--- Records provided ---

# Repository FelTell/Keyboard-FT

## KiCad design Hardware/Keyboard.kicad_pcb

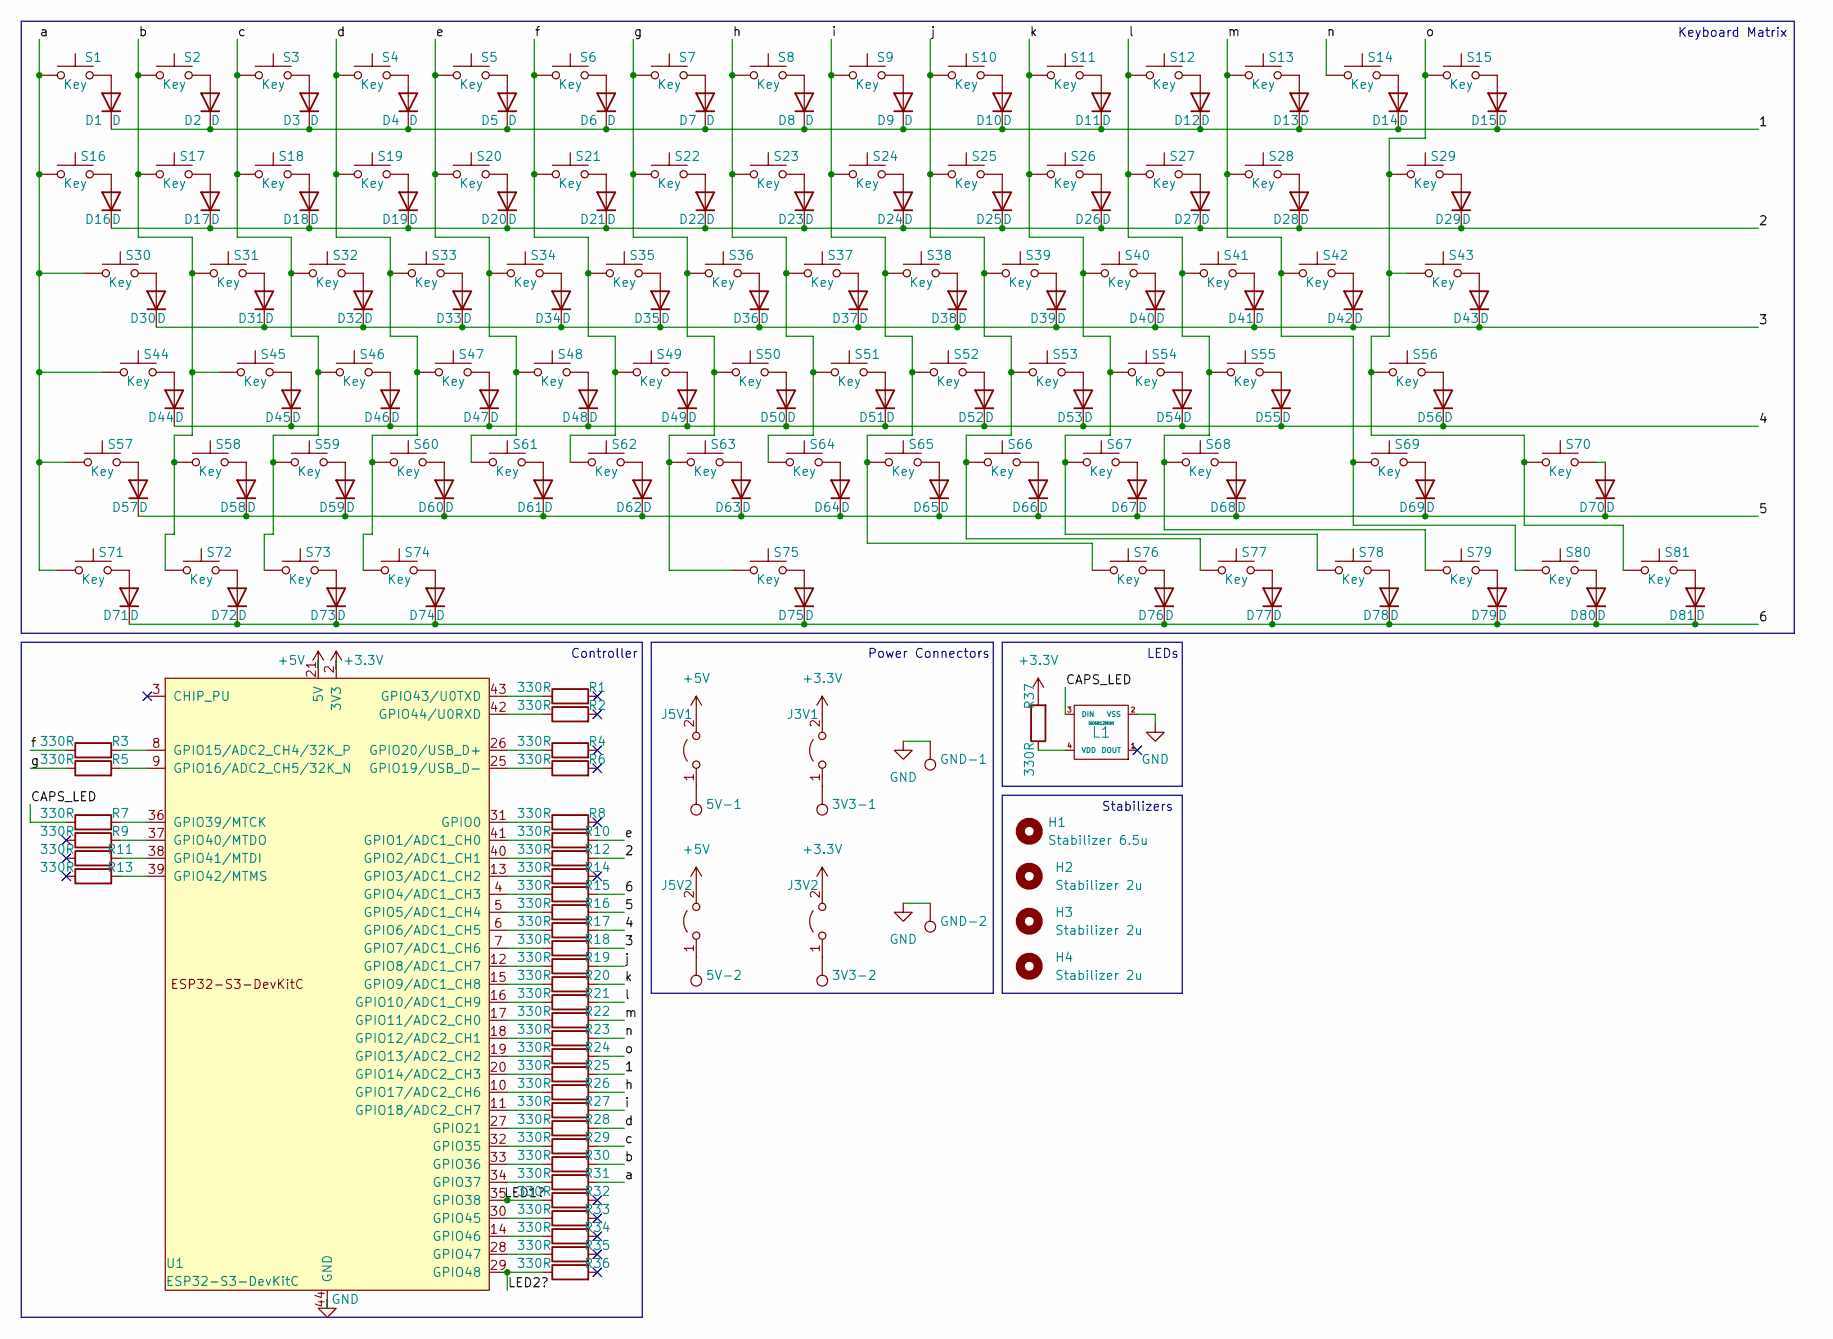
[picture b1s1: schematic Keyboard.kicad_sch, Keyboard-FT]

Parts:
3V3-1, 3V3-2, 5V-1, 5V-2: TestPoint; PinHeader_1x01_P1.00mm_Vertical
D1, D2, D3, D4, D5, D6, D7, D8, D9, D10, D11, D12, D13, D14, D15, D16, D17, D18, D19, D20, D21, D22, D23, D24, D25, D26, D27, D28, D29, D30, D31, D32, D33, D34, D35, D36, D37, D38, D39, D40, D41, D42, D43, D44, D45, D46, D47, D48, D49, D50, D51, D52, D53, D54, D55, D56, D57, D58, D59, D60, D61, D62, D63, D64, D65, D66, D67, D68, D69, D70, D71, D72, D73, D74, D75, D76, D77, D78, D79, D80, D81: D; D3_TH_SMD_v2
GND-1, GND-2: TestPoint; PinHeader_1x01_P1.00mm_Vertical
H1: Stabilizer 6.5u; Stabilizer_Cherry_MX_6.25u
H2, H3, H4: Stabilizer 2u; Stabilizer_Cherry_MX_2.00u
J3V1, J3V2, J5V1, J5V2: Jumper_2_Open; SolderJumper-2_P1.3mm_Open_TrianglePad1.0x1.5mm
L1: SK6812MINI; SK6812MINI_rev
R1, R2, R3, R4, R5, R6, R7, R8, R9, R10, R11, R12, R13, R14, R15, R16, R17, R18, R19, R20, R21, R22, R23, R24, R25, R26, R27, R28, R29, R30, R31, R32, R33, R34, R35, R36, R37: 330R; R_0603_1608Metric_Pad0.98x0.95mm_HandSolder
S1, S2, S3, S4, S5, S6, S7, S8, S9, S10, S11, S12, S13, S14, S15, S16, S17, S18, S19, S20, S21, S22, S23, S24, S25, S26, S27, S28, S31, S32, S33, S34, S35, S36, S37, S38, S39, S40, S41, S42, S45, S46, S47, S48, S49, S50, S51, S52, S53, S54, S55, S58, S59, S60, S61, S62, S63, S64, S65, S66, S67, S68, S70, S72, S73, S74, S77, S79, S80, S81: Key; SW_Cherry_MX_PCB_1.00u
S29: Key; SW_Cherry_MX_PCB_2.00u
S30, S43: Key; SW_Cherry_MX_PCB_1.50u
S44: Key; SW_Cherry_MX_PCB_1.75u
S56: Key; SW_Cherry_MX_PCB_2.25u
S57, S71, S76, S78: Key; SW_Cherry_MX_PCB_1.25u
S69: Key; SW_Cherry_MX_PCB_2.75u
S75: Key; SW_Cherry_MX_PCB_6.25u
U1: ESP32-S3-DevKitC

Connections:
+3.3V: J3V1.2 (B), J3V2.2 (B), R37.2, U1.1 (3V3), U1.2 (3V3)
+5V: J5V1.2 (B), J5V2.2 (B), U1.21 (5V)
/1: D1.1 (K), D2.1 (K), D3.1 (K), D4.1 (K), D5.1 (K), D6.1 (K), D7.1 (K), D8.1 (K), D9.1 (K), D10.1 (K), D11.1 (K), D12.1 (K), D13.1 (K), D14.1 (K), D15.1 (K), R25.2
/2: D16.1 (K), D17.1 (K), D18.1 (K), D19.1 (K), D20.1 (K), D21.1 (K), D22.1 (K), D23.1 (K), D24.1 (K), D25.1 (K), D26.1 (K), D27.1 (K), D28.1 (K), D29.1 (K), R12.2
/3: D30.1 (K), D31.1 (K), D32.1 (K), D33.1 (K), D34.1 (K), D35.1 (K), D36.1 (K), D37.1 (K), D38.1 (K), D39.1 (K), D40.1 (K), D41.1 (K), D42.1 (K), D43.1 (K), R18.2
/4: D44.1 (K), D45.1 (K), D46.1 (K), D47.1 (K), D48.1 (K), D49.1 (K), D50.1 (K), D51.1 (K), D52.1 (K), D53.1 (K), D54.1 (K), D55.1 (K), D56.1 (K), R17.2
/5: D57.1 (K), D58.1 (K), D59.1 (K), D60.1 (K), D61.1 (K), D62.1 (K), D63.1 (K), D64.1 (K), D65.1 (K), D66.1 (K), D67.1 (K), D68.1 (K), D69.1 (K), D70.1 (K), R16.2
/6: D71.1 (K), D72.1 (K), D73.1 (K), D74.1 (K), D75.1 (K), D76.1 (K), D77.1 (K), D78.1 (K), D79.1 (K), D80.1 (K), D81.1 (K), R15.2
/CAPS_LED: L1.3 (DIN), R7.1
/LED1?: R32.1, U1.35 (GPIO38)
/LED2?: R36.1, U1.29 (GPIO48)
/a: R31.2, S1.1, S16.1, S30.1, S44.1, S57.1, S71.1
/b: R30.2, S2.1, S17.1, S31.1, S45.1, S58.1, S72.1
/c: R29.2, S3.1, S18.1, S32.1, S46.1, S59.1, S73.1
/d: R28.2, S4.1, S19.1, S33.1, S47.1, S60.1, S74.1
/e: R10.2, S5.1, S20.1, S34.1, S48.1, S61.1
/f: R3.1, S6.1, S21.1, S35.1, S49.1, S62.1
/g: R5.1, S7.1, S22.1, S36.1, S50.1, S63.1, S75.1
/h: R26.2, S8.1, S23.1, S37.1, S51.1, S64.1
/i: R27.2, S9.1, S24.1, S38.1, S52.1, S65.1, S76.1
/j: R19.2, S10.1, S25.1, S39.1, S53.1, S66.1, S77.1
/k: R20.2, S11.1, S26.1, S40.1, S54.1, S67.1, S78.1
/l: R21.2, S12.1, S27.1, S41.1, S55.1, S68.1, S79.1
/m: R22.2, S13.1, S28.1, S42.1, S69.1, S80.1
/n: R23.2, S14.1
/o: R24.2, S15.1, S29.1, S43.1, S56.1, S70.1, S81.1
GND: GND-1.1, GND-2.1, L1.2 (VSS), U1.22 (GND), U1.23 (GND), U1.24 (GND), U1.44 (GND); also elsewhere on the board
unnamed: D1.2 (A), S1.2
unnamed: D2.2 (A), S2.2
unnamed: D3.2 (A), S3.2
unnamed: D4.2 (A), S4.2
unnamed: D5.2 (A), S5.2
unnamed: D6.2 (A), S6.2
unnamed: D7.2 (A), S7.2
unnamed: D8.2 (A), S8.2
unnamed: D9.2 (A), S9.2
unnamed: D10.2 (A), S10.2
unnamed: D11.2 (A), S11.2
unnamed: D12.2 (A), S12.2
unnamed: D13.2 (A), S13.2
unnamed: D14.2 (A), S14.2
unnamed: D15.2 (A), S15.2
unnamed: D16.2 (A), S16.2
unnamed: D17.2 (A), S17.2
unnamed: D18.2 (A), S18.2
unnamed: D19.2 (A), S19.2
unnamed: D20.2 (A), S20.2
unnamed: D21.2 (A), S21.2
unnamed: D22.2 (A), S22.2
unnamed: D23.2 (A), S23.2
unnamed: D24.2 (A), S24.2
unnamed: D25.2 (A), S25.2
unnamed: D26.2 (A), S26.2
unnamed: D27.2 (A), S27.2
unnamed: D28.2 (A), S28.2
unnamed: D29.2 (A), S29.2
unnamed: D30.2 (A), S30.2
unnamed: D31.2 (A), S31.2
unnamed: D32.2 (A), S32.2
unnamed: D33.2 (A), S33.2
unnamed: D34.2 (A), S34.2
unnamed: D35.2 (A), S35.2
unnamed: D36.2 (A), S36.2
unnamed: D37.2 (A), S37.2
unnamed: D38.2 (A), S38.2
unnamed: D39.2 (A), S39.2
unnamed: D40.2 (A), S40.2
unnamed: D41.2 (A), S41.2
unnamed: D42.2 (A), S42.2
unnamed: D43.2 (A), S43.2
unnamed: D44.2 (A), S44.2
unnamed: D45.2 (A), S45.2
unnamed: D46.2 (A), S46.2
unnamed: D47.2 (A), S47.2
unnamed: D48.2 (A), S48.2
unnamed: D49.2 (A), S49.2
unnamed: D50.2 (A), S50.2
unnamed: D51.2 (A), S51.2
unnamed: D52.2 (A), S52.2
unnamed: D53.2 (A), S53.2
unnamed: D54.2 (A), S54.2
unnamed: D55.2 (A), S55.2
unnamed: D56.2 (A), S56.2
unnamed: D57.2 (A), S57.2
unnamed: D58.2 (A), S58.2
unnamed: D59.2 (A), S59.2
unnamed: D60.2 (A), S60.2
unnamed: D61.2 (A), S61.2
unnamed: D62.2 (A), S62.2
unnamed: D63.2 (A), S63.2
unnamed: D64.2 (A), S64.2
unnamed: D65.2 (A), S65.2
unnamed: D66.2 (A), S66.2
unnamed: D67.2 (A), S67.2
unnamed: D68.2 (A), S68.2
unnamed: D69.2 (A), S69.2
unnamed: D70.2 (A), S70.2
unnamed: D71.2 (A), S71.2
unnamed: D72.2 (A), S72.2
unnamed: D73.2 (A), S73.2
unnamed: D74.2 (A), S74.2
unnamed: D75.2 (A), S75.2
unnamed: D76.2 (A), S76.2
unnamed: D77.2 (A), S77.2
unnamed: D78.2 (A), S78.2
unnamed: D79.2 (A), S79.2
unnamed: D80.2 (A), S80.2
unnamed: D81.2 (A), S81.2
unnamed 108: 3V3-1.1, J3V1.1 (A); also elsewhere on the board
unnamed: 3V3-2.1, J3V2.1 (A)
unnamed 110: 5V-1.1, J5V1.1 (A); also elsewhere on the board
unnamed: 5V-2.1, J5V2.1 (A)
unnamed: L1.4 (VDD), R37.1
unnamed: R8.1, U1.31 (GPIO0)
unnamed: R10.1, U1.41 (GPIO1/ADC1_CH0)
unnamed: R12.1, U1.40 (GPIO2/ADC1_CH1)
unnamed: R14.1, U1.13 (GPIO3/ADC1_CH2)
unnamed: R15.1, U1.4 (GPIO4/ADC1_CH3)
unnamed: R16.1, U1.5 (GPIO5/ADC1_CH4)
unnamed: R17.1, U1.6 (GPIO6/ADC1_CH5)
unnamed: R18.1, U1.7 (GPIO7/ADC1_CH6)
unnamed: R19.1, U1.12 (GPIO8/ADC1_CH7)
unnamed: R20.1, U1.15 (GPIO9/ADC1_CH8)
unnamed: R21.1, U1.16 (GPIO10/ADC1_CH9)
unnamed: R22.1, U1.17 (GPIO11/ADC2_CH0)
unnamed: R23.1, U1.18 (GPIO12/ADC2_CH1)
unnamed: R24.1, U1.19 (GPIO13/ADC2_CH2)
unnamed: R25.1, U1.20 (GPIO14/ADC2_CH3)
unnamed: R3.2, U1.8 (GPIO15/ADC2_CH4/32K_P)
unnamed: R5.2, U1.9 (GPIO16/ADC2_CH5/32K_N)
unnamed: R26.1, U1.10 (GPIO17/ADC2_CH6)
unnamed: R27.1, U1.11 (GPIO18/ADC2_CH7)
unnamed: R6.1, U1.25 (GPIO19/USB_D-)
unnamed: R4.1, U1.26 (GPIO20/USB_D+)
unnamed: R28.1, U1.27 (GPIO21)
unnamed: R29.1, U1.32 (GPIO35)
unnamed: R30.1, U1.33 (GPIO36)
unnamed: R31.1, U1.34 (GPIO37)
unnamed: R7.2, U1.36 (GPIO39/MTCK)
unnamed: R9.2, U1.37 (GPIO40/MTDO)
unnamed: R11.2, U1.38 (GPIO41/MTDI)
unnamed: R13.2, U1.39 (GPIO42/MTMS)
unnamed: R1.1, U1.43 (GPIO43/U0TXD)
unnamed: R2.1, U1.42 (GPIO44/U0RXD)
unnamed: R33.1, U1.30 (GPIO45)
unnamed: R34.1, U1.14 (GPIO46)
unnamed: R35.1, U1.28 (GPIO47)

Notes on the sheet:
Keyboard Matrix
Controller
Power Connectors
LEDs
Stabilizers

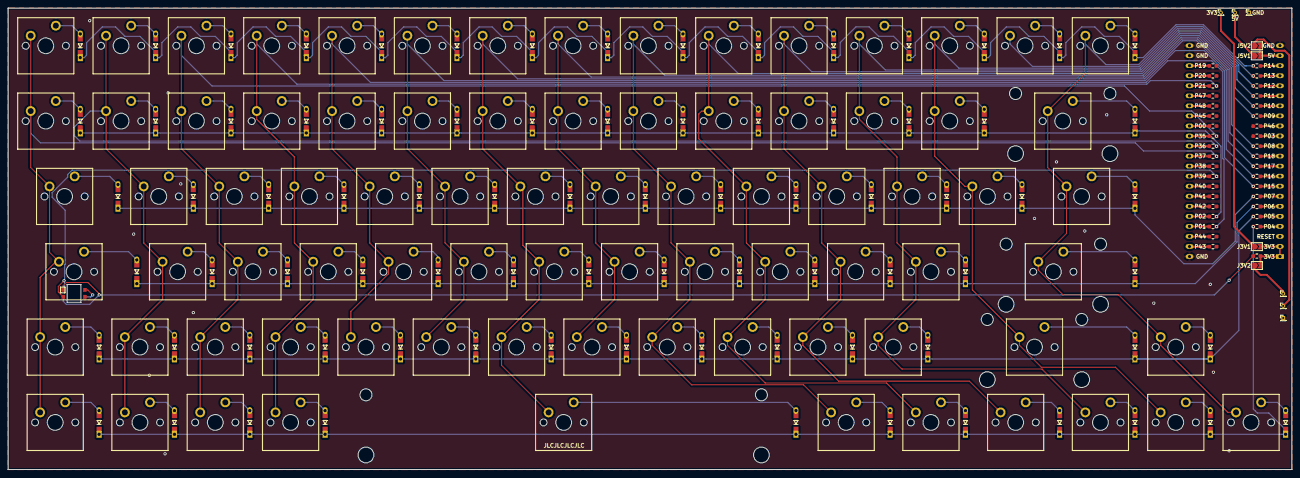
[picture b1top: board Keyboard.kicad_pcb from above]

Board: 2 copper layers, 324.6 x 116.6 mm, 215 parts (1 on the bottom side), 147 nets.

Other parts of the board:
3V3, 5V: TestPoint; PinHeader_1x01_P1.00mm_Vertical
GND: TestPoint; PinHeader_1x01_P1.00mm_Vertical

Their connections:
GND: GND.1; also elsewhere on the board
unnamed 108: 3V3.1; also elsewhere on the board
unnamed 110: 5V.1; also elsewhere on the board

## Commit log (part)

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2023-07-16 cube init
2023-07-16 added some configuration files
2023-07-16 Cmake configuration
2024-01-10 usb hid test
2024-01-10 hardware init
2024-01-10 finished tracing
2024-01-21 sch changes
2024-01-21 added tracks
2024-01-23 final hardware
2024-01-23 fixed name
2024-01-23 added gebers
2024-01-24 fixed output files
2024-02-05 backups
2024-02-05 removed old fw
2024-02-05 uodated git ignore
2024-02-05 project renaming
2024-02-05 fixed minor disalignment
2024-02-06 added components
2024-02-06 only keyboard example
2024-02-06 working led
2024-02-06 updated git ignore
2024-02-06 added status led task
2024-02-06 git cache reset
2024-02-10 improved status led
2024-02-13 matrix start
2024-02-14 added keys to matrix
2024-02-22 List in matrix. Added key and layout headers
2024-02-22 added usb hid
2024-02-22 updated log
2024-02-22 improved report
2024-02-22 fixed stuck key
2024-02-22 showing caps led
2024-02-22 polling disconnect
2024-02-22 removed warnings
2024-02-25 updated names
2024-02-27 added matrix delay to ensure proper gpio timing fixed not sending modifiers and keys
2024-02-27 Fixed layout
2024-02-27 removed unnecessary code
2024-02-28 added caps leds renamed namespace to just led
2024-02-28 start supporting function key
2024-02-28 added roadmap
2024-03-02 added working /? key
2024-03-02 added consumer usage support
2024-03-02 fixed wrong caps led when connecting
2024-03-02 fixed fn key
2024-03-02 improved keyboard reliability by:
    - matrix now updates keys once every cycle and has a higher polling rate
    - Report is now sent every 10 ms or when matrix is updated
2024-03-02 added timer class
2024-03-02 waiting for queue message to send report
2024-03-13 added next/previous media fn
2024-03-16 minor formatting
2024-03-16 Added support to call function using fn key, allowing commands inside keyboard
2024-03-16 added led brightness adjust
2024-03-16 rainbow now keep the same period in all brightness level
2024-03-16 renamed statusled file to leds
2024-03-16 sending report every 100 ms to prevent stuck keys when a device has been woken up by the keyboard
2024-03-16 fixed some fn commands not working
2024-04-03 improved variable naming
2024-04-03 updated roadmap
2024-04-03 improved polling
2024-04-03 added controller and logic to switch between usb and ble
2024-04-24 added event group to rtos utils
2024-04-24 added some precompiler verification for rtos utils
2024-04-24 added max bits guard on events groups. improved briefs
2024-04-25 improved task related class, briefs and functions
2024-04-25 improved timer functions. Deleting FromIsr functions and integrating it in a single function
2024-04-25 improved queues
2024-06-08 improved rtosutils
2024-08-18 working ble using example
2024-08-18 added unified report
2024-08-18 rename controller
2024-08-18 some cleaning
2025-03-12 Added improved rtosUtils
2025-03-12 implemented LED timeout
2025-10-27 added deboucing, removed poll delay
2025-12-17 increased debounce count
2025-12-18 Updated esp-idf version
2025-12-31 improved debounce algorithm to reduce delay
2026-02-06 updated debounce counts
2026-05-03 fixed wrong led command when multiple command are sent.

---

▸ **Work instruction**:
What do the lines above say from the one containing "unnamed: D78.2 (A), S78.2" down to the one containing "unnamed: R18.1, U1.7 (GPIO7/ADC1_CH6)"? Return them exactly, both end lines included, and only them.

▸ **Problem solution**:
unnamed: D78.2 (A), S78.2
unnamed: D79.2 (A), S79.2
unnamed: D80.2 (A), S80.2
unnamed: D81.2 (A), S81.2
unnamed 108: 3V3-1.1, J3V1.1 (A); also elsewhere on the board
unnamed: 3V3-2.1, J3V2.1 (A)
unnamed 110: 5V-1.1, J5V1.1 (A); also elsewhere on the board
unnamed: 5V-2.1, J5V2.1 (A)
unnamed: L1.4 (VDD), R37.1
unnamed: R8.1, U1.31 (GPIO0)
unnamed: R10.1, U1.41 (GPIO1/ADC1_CH0)
unnamed: R12.1, U1.40 (GPIO2/ADC1_CH1)
unnamed: R14.1, U1.13 (GPIO3/ADC1_CH2)
unnamed: R15.1, U1.4 (GPIO4/ADC1_CH3)
unnamed: R16.1, U1.5 (GPIO5/ADC1_CH4)
unnamed: R17.1, U1.6 (GPIO6/ADC1_CH5)
unnamed: R18.1, U1.7 (GPIO7/ADC1_CH6)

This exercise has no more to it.